I have from time to time been successful in resisting this temptation, but the only recent success has been the last two-to-three weeks. Thinking on how much my attempt to adhere to the Church’s teaching has angered and saddened my wife, her parents, and perhaps others, I realized that, if only out of justice to them, I need to resist the sins that are so easy for me to accomplish, and which are so self-serving in their aims. My other great sin is my laziness, or, if laziness is too strong a word, my resistance to getting things done, which allows me to be behind when I am at work, and allows me to accomplish very little of enduring consequence during the summer months, when I have talents and abilities that could be put to more use.

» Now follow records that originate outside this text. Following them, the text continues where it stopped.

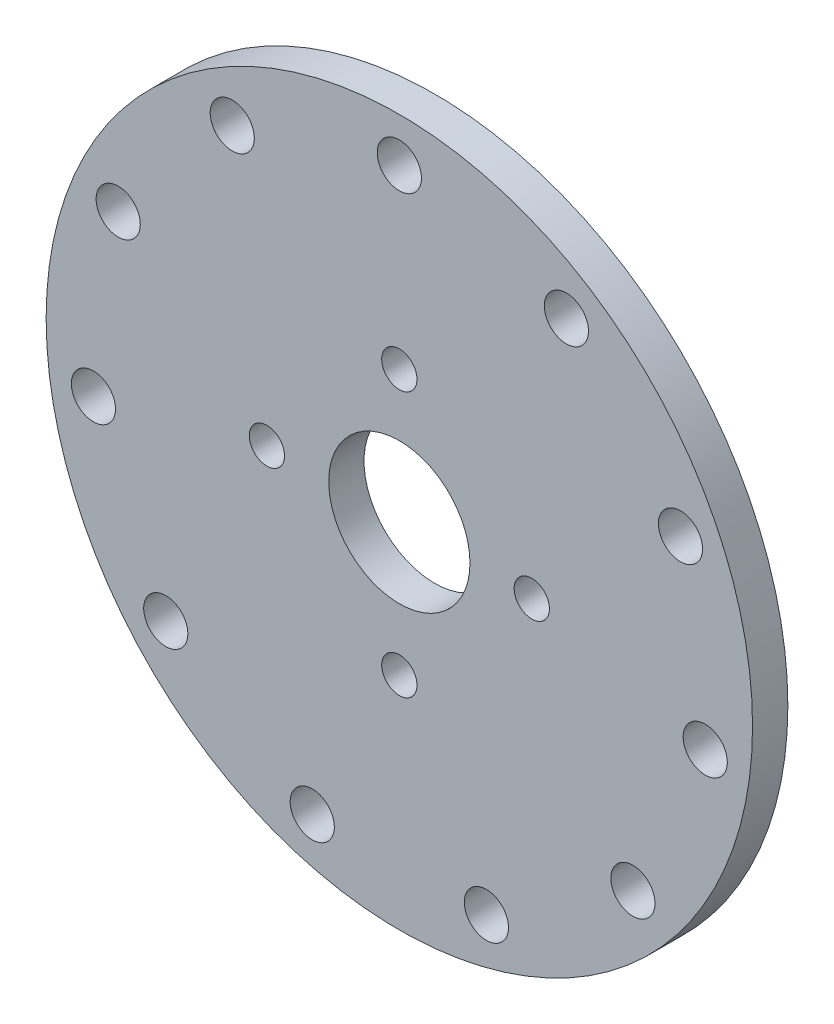
ISO-10303-21;
HEADER;
FILE_DESCRIPTION(('STEP AP214'),'2;1');
FILE_NAME('part.step','',(''),(''),'','','');
FILE_SCHEMA(('AUTOMOTIVE_DESIGN { 1 0 10303 214 1 1 1 1 }'));
ENDSEC;
DATA;
#1=APPLICATION_CONTEXT('core data for automotive mechanical design processes');
#2=APPLICATION_PROTOCOL_DEFINITION('international standard','automotive_design',2000,#1);
#3=PRODUCT_CONTEXT('',#1,'mechanical');
#4=PRODUCT('Part','Part','',(#3));
#5=PRODUCT_RELATED_PRODUCT_CATEGORY('part','',(#4));
#6=PRODUCT_DEFINITION_FORMATION('','',#4);
#7=PRODUCT_DEFINITION_CONTEXT('part definition',#1,'design');
#8=PRODUCT_DEFINITION('design','',#6,#7);
#9=PRODUCT_DEFINITION_SHAPE('','',#8);
#10=(LENGTH_UNIT() NAMED_UNIT(*) SI_UNIT(.MILLI.,.METRE.));
#11=(NAMED_UNIT(*) PLANE_ANGLE_UNIT() SI_UNIT($,.RADIAN.));
#12=(NAMED_UNIT(*) SI_UNIT($,.STERADIAN.) SOLID_ANGLE_UNIT());
#13=UNCERTAINTY_MEASURE_WITH_UNIT(LENGTH_MEASURE(1.E-05),#10,'distance_accuracy_value','');
#14=(GEOMETRIC_REPRESENTATION_CONTEXT(3) GLOBAL_UNCERTAINTY_ASSIGNED_CONTEXT((#13)) GLOBAL_UNIT_ASSIGNED_CONTEXT((#10,
#11,#12)) REPRESENTATION_CONTEXT('',''));
#15=CARTESIAN_POINT('',(0.,0.,0.));
#16=DIRECTION('',(0.,0.,1.));
#17=DIRECTION('',(1.,0.,0.));
#18=AXIS2_PLACEMENT_3D('',#15,#16,#17);
#19=CARTESIAN_POINT('',(0.,0.,4.));
#20=DIRECTION('',(0.,0.,1.));
#21=DIRECTION('',(1.,0.,0.));
#22=AXIS2_PLACEMENT_3D('',#19,#20,#21);
#23=PLANE('',#22);
#24=CARTESIAN_POINT('',(0.,15.,4.));
#25=DIRECTION('',(0.,0.,1.));
#26=DIRECTION('',(1.,0.,0.));
#27=AXIS2_PLACEMENT_3D('',#24,#25,#26);
#28=CIRCLE('',#27,2.);
#29=CARTESIAN_POINT('',(2.,15.,4.));
#30=VERTEX_POINT('',#29);
#31=EDGE_CURVE('E176',#30,#30,#28,.T.);
#32=ORIENTED_EDGE('',*,*,#31,.F.);
#33=EDGE_LOOP('',(#32));
#34=FACE_BOUND('',#33,.T.);
#35=CARTESIAN_POINT('',(15.0000000000004,4.23570186157979E-13,4.));
#36=DIRECTION('',(0.,0.,1.));
#37=DIRECTION('',(1.,0.,0.));
#38=AXIS2_PLACEMENT_3D('',#35,#36,#37);
#39=CIRCLE('',#38,2.00000000000033);
#40=CARTESIAN_POINT('',(17.0000000000008,4.23570186157979E-13,4.));
#41=VERTEX_POINT('',#40);
#42=EDGE_CURVE('E172',#41,#41,#39,.T.);
#43=ORIENTED_EDGE('',*,*,#42,.F.);
#44=EDGE_LOOP('',(#43));
#45=FACE_BOUND('',#44,.T.);
#46=CARTESIAN_POINT('',(8.47140372315957E-13,-15.,4.));
#47=DIRECTION('',(0.,0.,1.));
#48=DIRECTION('',(1.,0.,0.));
#49=AXIS2_PLACEMENT_3D('',#46,#47,#48);
#50=CIRCLE('',#49,2.00000000000091);
#51=CARTESIAN_POINT('',(2.00000000000176,-15.,4.));
#52=VERTEX_POINT('',#51);
#53=EDGE_CURVE('E164',#52,#52,#50,.T.);
#54=ORIENTED_EDGE('',*,*,#53,.F.);
#55=EDGE_LOOP('',(#54));
#56=FACE_BOUND('',#55,.T.);
#57=CARTESIAN_POINT('',(-14.9999999999996,-4.254071563567E-13,4.));
#58=DIRECTION('',(0.,0.,1.));
#59=DIRECTION('',(1.,0.,0.));
#60=AXIS2_PLACEMENT_3D('',#57,#58,#59);
#61=CIRCLE('',#60,2.00000000000068);
#62=CARTESIAN_POINT('',(-12.9999999999989,-4.254071563567E-13,4.));
#63=VERTEX_POINT('',#62);
#64=EDGE_CURVE('E156',#63,#63,#61,.T.);
#65=ORIENTED_EDGE('',*,*,#64,.F.);
#66=EDGE_LOOP('',(#65));
#67=FACE_BOUND('',#66,.T.);
#68=CARTESIAN_POINT('',(0.,35.,4.));
#69=DIRECTION('',(0.,0.,1.));
#70=DIRECTION('',(1.,0.,0.));
#71=AXIS2_PLACEMENT_3D('',#68,#69,#70);
#72=CIRCLE('',#71,2.5);
#73=CARTESIAN_POINT('',(2.5,35.,4.));
#74=VERTEX_POINT('',#73);
#75=EDGE_CURVE('E129',#74,#74,#72,.T.);
#76=ORIENTED_EDGE('',*,*,#75,.F.);
#77=EDGE_LOOP('',(#76));
#78=FACE_BOUND('',#77,.T.);
#79=CARTESIAN_POINT('',(-18.9224286109457,29.4438736490905,4.));
#80=DIRECTION('',(0.,0.,1.));
#81=DIRECTION('',(1.,0.,0.));
#82=AXIS2_PLACEMENT_3D('',#79,#80,#81);
#83=CIRCLE('',#82,2.50000000000091);
#84=CARTESIAN_POINT('',(-16.4224286109448,29.4438736490905,4.));
#85=VERTEX_POINT('',#84);
#86=EDGE_CURVE('E134',#85,#85,#83,.T.);
#87=ORIENTED_EDGE('',*,*,#86,.F.);
#88=EDGE_LOOP('',(#87));
#89=FACE_BOUND('',#88,.T.);
#90=CARTESIAN_POINT('',(-31.8371198374073,14.5395254550647,4.));
#91=DIRECTION('',(0.,0.,1.));
#92=DIRECTION('',(1.,0.,0.));
#93=AXIS2_PLACEMENT_3D('',#90,#91,#92);
#94=CIRCLE('',#93,2.50000000000164);
#95=CARTESIAN_POINT('',(-29.3371198374056,14.5395254550647,4.));
#96=VERTEX_POINT('',#95);
#97=EDGE_CURVE('E69',#96,#96,#94,.T.);
#98=ORIENTED_EDGE('',*,*,#97,.F.);
#99=EDGE_LOOP('',(#98));
#100=FACE_BOUND('',#99,.T.);
#101=CARTESIAN_POINT('',(-34.6437504658309,-4.98101933956645,4.));
#102=DIRECTION('',(0.,0.,1.));
#103=DIRECTION('',(1.,0.,0.));
#104=AXIS2_PLACEMENT_3D('',#101,#102,#103);
#105=CIRCLE('',#104,2.50000000000241);
#106=CARTESIAN_POINT('',(-32.1437504658285,-4.98101933956645,4.));
#107=VERTEX_POINT('',#106);
#108=EDGE_CURVE('E68',#107,#107,#105,.T.);
#109=ORIENTED_EDGE('',*,*,#108,.F.);
#110=EDGE_LOOP('',(#109));
#111=FACE_BOUND('',#110,.T.);
#112=CARTESIAN_POINT('',(-26.4512351023966,-22.9201256880861,4.));
#113=DIRECTION('',(0.,0.,1.));
#114=DIRECTION('',(1.,0.,0.));
#115=AXIS2_PLACEMENT_3D('',#112,#113,#114);
#116=CIRCLE('',#115,2.50000000000299);
#117=CARTESIAN_POINT('',(-23.9512351023936,-22.9201256880861,4.));
#118=VERTEX_POINT('',#117);
#119=EDGE_CURVE('E77',#118,#118,#116,.T.);
#120=ORIENTED_EDGE('',*,*,#119,.F.);
#121=EDGE_LOOP('',(#120));
#122=FACE_BOUND('',#121,.T.);
#123=CARTESIAN_POINT('',(-9.86063948944712,-33.5822540765078,4.));
#124=DIRECTION('',(0.,0.,1.));
#125=DIRECTION('',(1.,0.,0.));
#126=AXIS2_PLACEMENT_3D('',#123,#124,#125);
#127=CIRCLE('',#126,2.50000000000318);
#128=CARTESIAN_POINT('',(-7.36063948944395,-33.5822540765078,4.));
#129=VERTEX_POINT('',#128);
#130=EDGE_CURVE('E85',#129,#129,#127,.T.);
#131=ORIENTED_EDGE('',*,*,#130,.F.);
#132=EDGE_LOOP('',(#131));
#133=FACE_BOUND('',#132,.T.);
#134=CARTESIAN_POINT('',(9.86063948945295,-33.582254076507,4.));
#135=DIRECTION('',(0.,0.,1.));
#136=DIRECTION('',(1.,0.,0.));
#137=AXIS2_PLACEMENT_3D('',#134,#135,#136);
#138=CIRCLE('',#137,2.50000000000289);
#139=CARTESIAN_POINT('',(12.3606394894558,-33.582254076507,4.));
#140=VERTEX_POINT('',#139);
#141=EDGE_CURVE('E93',#140,#140,#138,.T.);
#142=ORIENTED_EDGE('',*,*,#141,.F.);
#143=EDGE_LOOP('',(#142));
#144=FACE_BOUND('',#143,.T.);
#145=CARTESIAN_POINT('',(26.4512351024015,-22.9201256880839,4.));
#146=DIRECTION('',(0.,0.,1.));
#147=DIRECTION('',(1.,0.,0.));
#148=AXIS2_PLACEMENT_3D('',#145,#146,#147);
#149=CIRCLE('',#148,2.5000000000022);
#150=CARTESIAN_POINT('',(28.9512351024037,-22.9201256880839,4.));
#151=VERTEX_POINT('',#150);
#152=EDGE_CURVE('E101',#151,#151,#149,.T.);
#153=ORIENTED_EDGE('',*,*,#152,.F.);
#154=EDGE_LOOP('',(#153));
#155=FACE_BOUND('',#154,.T.);
#156=CARTESIAN_POINT('',(34.6437504658343,-4.98101933956351,4.));
#157=DIRECTION('',(0.,0.,1.));
#158=DIRECTION('',(1.,0.,0.));
#159=AXIS2_PLACEMENT_3D('',#156,#157,#158);
#160=CIRCLE('',#159,2.50000000000133);
#161=CARTESIAN_POINT('',(37.1437504658357,-4.98101933956351,4.));
#162=VERTEX_POINT('',#161);
#163=EDGE_CURVE('E109',#162,#162,#160,.T.);
#164=ORIENTED_EDGE('',*,*,#163,.F.);
#165=EDGE_LOOP('',(#164));
#166=FACE_BOUND('',#165,.T.);
#167=CARTESIAN_POINT('',(31.837119837409,14.5395254550674,4.));
#168=DIRECTION('',(0.,0.,1.));
#169=DIRECTION('',(1.,0.,0.));
#170=AXIS2_PLACEMENT_3D('',#167,#168,#169);
#171=CIRCLE('',#170,2.50000000000053);
#172=CARTESIAN_POINT('',(34.3371198374095,14.5395254550674,4.));
#173=VERTEX_POINT('',#172);
#174=EDGE_CURVE('E117',#173,#173,#171,.T.);
#175=ORIENTED_EDGE('',*,*,#174,.F.);
#176=EDGE_LOOP('',(#175));
#177=FACE_BOUND('',#176,.T.);
#178=CARTESIAN_POINT('',(18.9224286109462,29.4438736490921,4.));
#179=DIRECTION('',(0.,0.,1.));
#180=DIRECTION('',(1.,0.,0.));
#181=AXIS2_PLACEMENT_3D('',#178,#179,#180);
#182=CIRCLE('',#181,2.50000000000002);
#183=CARTESIAN_POINT('',(21.4224286109462,29.4438736490921,4.));
#184=VERTEX_POINT('',#183);
#185=EDGE_CURVE('E125',#184,#184,#182,.T.);
#186=ORIENTED_EDGE('',*,*,#185,.F.);
#187=EDGE_LOOP('',(#186));
#188=FACE_BOUND('',#187,.T.);
#189=CARTESIAN_POINT('',(0.,0.,4.));
#190=DIRECTION('',(0.,0.,1.));
#191=DIRECTION('',(1.,0.,0.));
#192=AXIS2_PLACEMENT_3D('',#189,#190,#191);
#193=CIRCLE('',#192,40.);
#194=CARTESIAN_POINT('',(40.,0.,4.));
#195=VERTEX_POINT('',#194);
#196=EDGE_CURVE('E10',#195,#195,#193,.T.);
#197=ORIENTED_EDGE('',*,*,#196,.T.);
#198=EDGE_LOOP('',(#197));
#199=FACE_BOUND('',#198,.T.);
#200=CARTESIAN_POINT('',(0.,0.,4.));
#201=DIRECTION('',(0.,0.,1.));
#202=DIRECTION('',(1.,0.,0.));
#203=AXIS2_PLACEMENT_3D('',#200,#201,#202);
#204=CIRCLE('',#203,8.);
#205=CARTESIAN_POINT('',(8.,0.,4.));
#206=VERTEX_POINT('',#205);
#207=EDGE_CURVE('E54',#206,#206,#204,.T.);
#208=ORIENTED_EDGE('',*,*,#207,.F.);
#209=EDGE_LOOP('',(#208));
#210=FACE_BOUND('',#209,.T.);
#211=ADVANCED_FACE('F41',(#34,#45,#56,#67,#78,#89,#100,#111,#122,#133,#144,#155,#166,#177,#188,
#199,#210),#23,.T.);
#212=CARTESIAN_POINT('',(0.,0.,0.));
#213=DIRECTION('',(0.,0.,1.));
#214=DIRECTION('',(1.,0.,0.));
#215=AXIS2_PLACEMENT_3D('',#212,#213,#214);
#216=PLANE('',#215);
#217=CARTESIAN_POINT('',(0.,15.,0.));
#218=DIRECTION('',(0.,0.,1.));
#219=DIRECTION('',(1.,0.,0.));
#220=AXIS2_PLACEMENT_3D('',#217,#218,#219);
#221=CIRCLE('',#220,2.);
#222=CARTESIAN_POINT('',(2.,15.,0.));
#223=VERTEX_POINT('',#222);
#224=EDGE_CURVE('E135',#223,#223,#221,.T.);
#225=ORIENTED_EDGE('',*,*,#224,.T.);
#226=EDGE_LOOP('',(#225));
#227=FACE_BOUND('',#226,.T.);
#228=CARTESIAN_POINT('',(15.0000000000004,4.23570186157979E-13,0.));
#229=DIRECTION('',(0.,0.,1.));
#230=DIRECTION('',(1.,0.,0.));
#231=AXIS2_PLACEMENT_3D('',#228,#229,#230);
#232=CIRCLE('',#231,2.00000000000033);
#233=CARTESIAN_POINT('',(17.0000000000008,4.23570186157979E-13,0.));
#234=VERTEX_POINT('',#233);
#235=EDGE_CURVE('E168',#234,#234,#232,.T.);
#236=ORIENTED_EDGE('',*,*,#235,.T.);
#237=EDGE_LOOP('',(#236));
#238=FACE_BOUND('',#237,.T.);
#239=CARTESIAN_POINT('',(8.47140372315957E-13,-15.,0.));
#240=DIRECTION('',(0.,0.,1.));
#241=DIRECTION('',(1.,0.,0.));
#242=AXIS2_PLACEMENT_3D('',#239,#240,#241);
#243=CIRCLE('',#242,2.00000000000091);
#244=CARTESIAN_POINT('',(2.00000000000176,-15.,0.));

Regarding masturbation as a means to an end, as it is in the case of IVF, I would have a harder time judging it as immoral. If testicular cancer, for instance, could only be cured by an operation preceded by masturbation, I doubt there would be moral condemnation of the act. This agrees with what you have said about the intention of the act being important in the definition of sin.

One last comment: I have been somewhat faithful in my rejection of this action, but often only in a somewhat painful, legal sense. I still have not purged my mind of "the witch's wine," and will undoubtedly continue this struggle for much of my life.